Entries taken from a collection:
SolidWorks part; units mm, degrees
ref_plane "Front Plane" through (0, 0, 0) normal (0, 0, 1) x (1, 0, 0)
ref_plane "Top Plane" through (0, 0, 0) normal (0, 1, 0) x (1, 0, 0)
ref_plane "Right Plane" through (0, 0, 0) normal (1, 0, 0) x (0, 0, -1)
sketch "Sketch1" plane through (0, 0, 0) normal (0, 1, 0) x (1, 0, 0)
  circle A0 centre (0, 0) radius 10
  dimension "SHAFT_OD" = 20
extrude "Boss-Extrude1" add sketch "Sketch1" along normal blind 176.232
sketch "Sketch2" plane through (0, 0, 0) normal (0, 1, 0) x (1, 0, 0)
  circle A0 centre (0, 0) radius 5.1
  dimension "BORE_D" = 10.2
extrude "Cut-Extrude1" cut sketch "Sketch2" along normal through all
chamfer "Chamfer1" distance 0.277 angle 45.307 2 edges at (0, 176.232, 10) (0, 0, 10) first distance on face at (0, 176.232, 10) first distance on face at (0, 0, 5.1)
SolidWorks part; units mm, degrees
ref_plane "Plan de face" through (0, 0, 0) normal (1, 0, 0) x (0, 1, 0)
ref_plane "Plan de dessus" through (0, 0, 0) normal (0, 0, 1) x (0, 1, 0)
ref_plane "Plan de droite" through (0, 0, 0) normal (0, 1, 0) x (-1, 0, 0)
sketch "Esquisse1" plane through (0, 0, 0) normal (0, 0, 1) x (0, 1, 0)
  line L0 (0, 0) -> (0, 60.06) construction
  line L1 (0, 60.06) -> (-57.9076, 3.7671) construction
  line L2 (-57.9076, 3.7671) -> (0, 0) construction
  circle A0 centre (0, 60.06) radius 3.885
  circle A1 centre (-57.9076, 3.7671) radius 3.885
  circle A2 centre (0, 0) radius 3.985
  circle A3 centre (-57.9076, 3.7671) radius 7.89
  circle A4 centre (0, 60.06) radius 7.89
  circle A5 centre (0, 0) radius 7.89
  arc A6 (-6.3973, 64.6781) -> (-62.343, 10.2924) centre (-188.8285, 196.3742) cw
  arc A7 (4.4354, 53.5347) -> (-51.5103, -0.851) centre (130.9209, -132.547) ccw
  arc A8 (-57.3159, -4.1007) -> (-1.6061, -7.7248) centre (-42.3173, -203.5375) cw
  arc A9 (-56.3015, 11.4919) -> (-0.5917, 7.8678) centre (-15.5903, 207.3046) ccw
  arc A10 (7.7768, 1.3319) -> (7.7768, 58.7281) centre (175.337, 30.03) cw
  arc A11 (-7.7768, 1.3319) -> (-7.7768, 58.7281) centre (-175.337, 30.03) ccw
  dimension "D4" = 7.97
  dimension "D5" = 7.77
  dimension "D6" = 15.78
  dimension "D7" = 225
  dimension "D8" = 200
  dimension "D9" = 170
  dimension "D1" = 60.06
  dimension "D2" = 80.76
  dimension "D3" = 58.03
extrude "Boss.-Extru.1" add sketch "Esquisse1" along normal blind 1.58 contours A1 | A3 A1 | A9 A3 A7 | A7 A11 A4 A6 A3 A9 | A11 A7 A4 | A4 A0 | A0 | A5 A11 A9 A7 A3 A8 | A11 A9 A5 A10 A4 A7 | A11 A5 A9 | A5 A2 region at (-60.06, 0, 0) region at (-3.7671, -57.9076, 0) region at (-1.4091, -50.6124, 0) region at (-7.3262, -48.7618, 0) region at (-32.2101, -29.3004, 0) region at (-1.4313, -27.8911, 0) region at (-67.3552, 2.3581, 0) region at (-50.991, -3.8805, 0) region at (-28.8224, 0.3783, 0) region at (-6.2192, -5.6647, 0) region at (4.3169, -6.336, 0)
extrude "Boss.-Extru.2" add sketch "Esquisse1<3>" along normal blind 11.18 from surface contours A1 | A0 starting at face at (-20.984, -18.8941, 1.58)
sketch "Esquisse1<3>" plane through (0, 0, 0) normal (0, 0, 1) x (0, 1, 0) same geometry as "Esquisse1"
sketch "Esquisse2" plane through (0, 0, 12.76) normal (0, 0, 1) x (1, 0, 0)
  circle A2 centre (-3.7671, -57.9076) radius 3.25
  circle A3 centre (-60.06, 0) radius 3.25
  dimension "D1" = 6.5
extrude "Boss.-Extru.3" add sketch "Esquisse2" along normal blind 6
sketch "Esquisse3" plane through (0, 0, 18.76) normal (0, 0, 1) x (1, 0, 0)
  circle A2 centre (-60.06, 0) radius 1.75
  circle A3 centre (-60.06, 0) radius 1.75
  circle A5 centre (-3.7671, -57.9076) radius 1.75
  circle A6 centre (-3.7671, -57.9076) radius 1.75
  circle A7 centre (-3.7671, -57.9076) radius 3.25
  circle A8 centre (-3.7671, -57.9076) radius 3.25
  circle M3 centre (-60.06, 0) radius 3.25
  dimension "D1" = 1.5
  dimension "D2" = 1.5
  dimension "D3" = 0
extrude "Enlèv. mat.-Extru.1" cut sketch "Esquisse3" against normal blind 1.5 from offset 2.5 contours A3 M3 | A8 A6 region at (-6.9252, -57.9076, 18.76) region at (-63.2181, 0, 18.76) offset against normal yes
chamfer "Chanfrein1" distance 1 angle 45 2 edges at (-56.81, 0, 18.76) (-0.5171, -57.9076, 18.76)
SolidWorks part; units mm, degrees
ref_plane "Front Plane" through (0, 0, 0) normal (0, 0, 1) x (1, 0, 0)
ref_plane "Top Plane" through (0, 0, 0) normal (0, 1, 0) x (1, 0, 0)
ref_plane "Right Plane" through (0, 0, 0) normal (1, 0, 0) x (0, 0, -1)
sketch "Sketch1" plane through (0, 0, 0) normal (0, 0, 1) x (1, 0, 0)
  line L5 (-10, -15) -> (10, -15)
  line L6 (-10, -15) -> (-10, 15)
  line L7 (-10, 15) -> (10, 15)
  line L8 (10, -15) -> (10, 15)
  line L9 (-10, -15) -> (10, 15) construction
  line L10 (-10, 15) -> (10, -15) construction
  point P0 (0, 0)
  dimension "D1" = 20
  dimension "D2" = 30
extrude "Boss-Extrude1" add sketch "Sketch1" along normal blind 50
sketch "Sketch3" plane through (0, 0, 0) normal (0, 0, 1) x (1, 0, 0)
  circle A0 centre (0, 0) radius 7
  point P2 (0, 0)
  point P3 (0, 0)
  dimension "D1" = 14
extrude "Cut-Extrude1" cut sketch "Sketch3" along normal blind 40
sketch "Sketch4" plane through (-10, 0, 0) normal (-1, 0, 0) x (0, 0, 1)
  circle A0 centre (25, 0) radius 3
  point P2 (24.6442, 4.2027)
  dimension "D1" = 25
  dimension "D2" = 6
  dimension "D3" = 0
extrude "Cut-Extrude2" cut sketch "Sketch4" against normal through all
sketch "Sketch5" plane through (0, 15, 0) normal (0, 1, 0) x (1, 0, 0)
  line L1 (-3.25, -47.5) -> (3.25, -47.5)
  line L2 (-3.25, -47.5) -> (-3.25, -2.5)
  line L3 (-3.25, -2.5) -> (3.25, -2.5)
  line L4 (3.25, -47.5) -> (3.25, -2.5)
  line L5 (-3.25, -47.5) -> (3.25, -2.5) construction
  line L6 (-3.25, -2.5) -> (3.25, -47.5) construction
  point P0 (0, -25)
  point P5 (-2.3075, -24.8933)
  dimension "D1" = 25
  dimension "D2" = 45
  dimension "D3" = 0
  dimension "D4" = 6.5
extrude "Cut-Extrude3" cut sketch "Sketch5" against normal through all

- **HOW TO COMPLETE THIS TASK**: Retype each entry exactly.

- **EXPECTED OUTPUT**:
SolidWorks part; units mm, degrees
ref_plane "Front Plane" through (0, 0, 0) normal (0, 0, 1) x (1, 0, 0)
ref_plane "Top Plane" through (0, 0, 0) normal (0, 1, 0) x (1, 0, 0)
ref_plane "Right Plane" through (0, 0, 0) normal (1, 0, 0) x (0, 0, -1)
sketch "Sketch1" plane through (0, 0, 0) normal (0, 1, 0) x (1, 0, 0)
  circle A0 centre (0, 0) radius 10
  dimension "SHAFT_OD" = 20
extrude "Boss-Extrude1" add sketch "Sketch1" along normal blind 176.232
sketch "Sketch2" plane through (0, 0, 0) normal (0, 1, 0) x (1, 0, 0)
  circle A0 centre (0, 0) radius 5.1
  dimension "BORE_D" = 10.2
extrude "Cut-Extrude1" cut sketch "Sketch2" along normal through all
chamfer "Chamfer1" distance 0.277 angle 45.307 2 edges at (0, 176.232, 10) (0, 0, 10) first distance on face at (0, 176.232, 10) first distance on face at (0, 0, 5.1)
SolidWorks part; units mm, degrees
ref_plane "Plan de face" through (0, 0, 0) normal (1, 0, 0) x (0, 1, 0)
ref_plane "Plan de dessus" through (0, 0, 0) normal (0, 0, 1) x (0, 1, 0)
ref_plane "Plan de droite" through (0, 0, 0) normal (0, 1, 0) x (-1, 0, 0)
sketch "Esquisse1" plane through (0, 0, 0) normal (0, 0, 1) x (0, 1, 0)
  line L0 (0, 0) -> (0, 60.06) construction
  line L1 (0, 60.06) -> (-57.9076, 3.7671) construction
  line L2 (-57.9076, 3.7671) -> (0, 0) construction
  circle A0 centre (0, 60.06) radius 3.885
  circle A1 centre (-57.9076, 3.7671) radius 3.885
  circle A2 centre (0, 0) radius 3.985
  circle A3 centre (-57.9076, 3.7671) radius 7.89
  circle A4 centre (0, 60.06) radius 7.89
  circle A5 centre (0, 0) radius 7.89
  arc A6 (-6.3973, 64.6781) -> (-62.343, 10.2924) centre (-188.8285, 196.3742) cw
  arc A7 (4.4354, 53.5347) -> (-51.5103, -0.851) centre (130.9209, -132.547) ccw
  arc A8 (-57.3159, -4.1007) -> (-1.6061, -7.7248) centre (-42.3173, -203.5375) cw
  arc A9 (-56.3015, 11.4919) -> (-0.5917, 7.8678) centre (-15.5903, 207.3046) ccw
  arc A10 (7.7768, 1.3319) -> (7.7768, 58.7281) centre (175.337, 30.03) cw
  arc A11 (-7.7768, 1.3319) -> (-7.7768, 58.7281) centre (-175.337, 30.03) ccw
  dimension "D4" = 7.97
  dimension "D5" = 7.77
  dimension "D6" = 15.78
  dimension "D7" = 225
  dimension "D8" = 200
  dimension "D9" = 170
  dimension "D1" = 60.06
  dimension "D2" = 80.76
  dimension "D3" = 58.03
extrude "Boss.-Extru.1" add sketch "Esquisse1" along normal blind 1.58 contours A1 | A3 A1 | A9 A3 A7 | A7 A11 A4 A6 A3 A9 | A11 A7 A4 | A4 A0 | A0 | A5 A11 A9 A7 A3 A8 | A11 A9 A5 A10 A4 A7 | A11 A5 A9 | A5 A2 region at (-60.06, 0, 0) region at (-3.7671, -57.9076, 0) region at (-1.4091, -50.6124, 0) region at (-7.3262, -48.7618, 0) region at (-32.2101, -29.3004, 0) region at (-1.4313, -27.8911, 0) region at (-67.3552, 2.3581, 0) region at (-50.991, -3.8805, 0) region at (-28.8224, 0.3783, 0) region at (-6.2192, -5.6647, 0) region at (4.3169, -6.336, 0)
extrude "Boss.-Extru.2" add sketch "Esquisse1<3>" along normal blind 11.18 from surface contours A1 | A0 starting at face at (-20.984, -18.8941, 1.58)
sketch "Esquisse1<3>" plane through (0, 0, 0) normal (0, 0, 1) x (0, 1, 0) same geometry as "Esquisse1"
sketch "Esquisse2" plane through (0, 0, 12.76) normal (0, 0, 1) x (1, 0, 0)
  circle A2 centre (-3.7671, -57.9076) radius 3.25
  circle A3 centre (-60.06, 0) radius 3.25
  dimension "D1" = 6.5
extrude "Boss.-Extru.3" add sketch "Esquisse2" along normal blind 6
sketch "Esquisse3" plane through (0, 0, 18.76) normal (0, 0, 1) x (1, 0, 0)
  circle A2 centre (-60.06, 0) radius 1.75
  circle A3 centre (-60.06, 0) radius 1.75
  circle A5 centre (-3.7671, -57.9076) radius 1.75
  circle A6 centre (-3.7671, -57.9076) radius 1.75
  circle A7 centre (-3.7671, -57.9076) radius 3.25
  circle A8 centre (-3.7671, -57.9076) radius 3.25
  circle M3 centre (-60.06, 0) radius 3.25
  dimension "D1" = 1.5
  dimension "D2" = 1.5
  dimension "D3" = 0
extrude "Enlèv. mat.-Extru.1" cut sketch "Esquisse3" against normal blind 1.5 from offset 2.5 contours A3 M3 | A8 A6 region at (-6.9252, -57.9076, 18.76) region at (-63.2181, 0, 18.76) offset against normal yes
chamfer "Chanfrein1" distance 1 angle 45 2 edges at (-56.81, 0, 18.76) (-0.5171, -57.9076, 18.76)
SolidWorks part; units mm, degrees
ref_plane "Front Plane" through (0, 0, 0) normal (0, 0, 1) x (1, 0, 0)
ref_plane "Top Plane" through (0, 0, 0) normal (0, 1, 0) x (1, 0, 0)
ref_plane "Right Plane" through (0, 0, 0) normal (1, 0, 0) x (0, 0, -1)
sketch "Sketch1" plane through (0, 0, 0) normal (0, 0, 1) x (1, 0, 0)
  line L5 (-10, -15) -> (10, -15)
  line L6 (-10, -15) -> (-10, 15)
  line L7 (-10, 15) -> (10, 15)
  line L8 (10, -15) -> (10, 15)
  line L9 (-10, -15) -> (10, 15) construction
  line L10 (-10, 15) -> (10, -15) construction
  point P0 (0, 0)
  dimension "D1" = 20
  dimension "D2" = 30
extrude "Boss-Extrude1" add sketch "Sketch1" along normal blind 50
sketch "Sketch3" plane through (0, 0, 0) normal (0, 0, 1) x (1, 0, 0)
  circle A0 centre (0, 0) radius 7
  point P2 (0, 0)
  point P3 (0, 0)
  dimension "D1" = 14
extrude "Cut-Extrude1" cut sketch "Sketch3" along normal blind 40
sketch "Sketch4" plane through (-10, 0, 0) normal (-1, 0, 0) x (0, 0, 1)
  circle A0 centre (25, 0) radius 3
  point P2 (24.6442, 4.2027)
  dimension "D1" = 25
  dimension "D2" = 6
  dimension "D3" = 0
extrude "Cut-Extrude2" cut sketch "Sketch4" against normal through all
sketch "Sketch5" plane through (0, 15, 0) normal (0, 1, 0) x (1, 0, 0)
  line L1 (-3.25, -47.5) -> (3.25, -47.5)
  line L2 (-3.25, -47.5) -> (-3.25, -2.5)
  line L3 (-3.25, -2.5) -> (3.25, -2.5)
  line L4 (3.25, -47.5) -> (3.25, -2.5)
  line L5 (-3.25, -47.5) -> (3.25, -2.5) construction
  line L6 (-3.25, -2.5) -> (3.25, -47.5) construction
  point P0 (0, -25)
  point P5 (-2.3075, -24.8933)
  dimension "D1" = 25
  dimension "D2" = 45
  dimension "D3" = 0
  dimension "D4" = 6.5
extrude "Cut-Extrude3" cut sketch "Sketch5" against normal through all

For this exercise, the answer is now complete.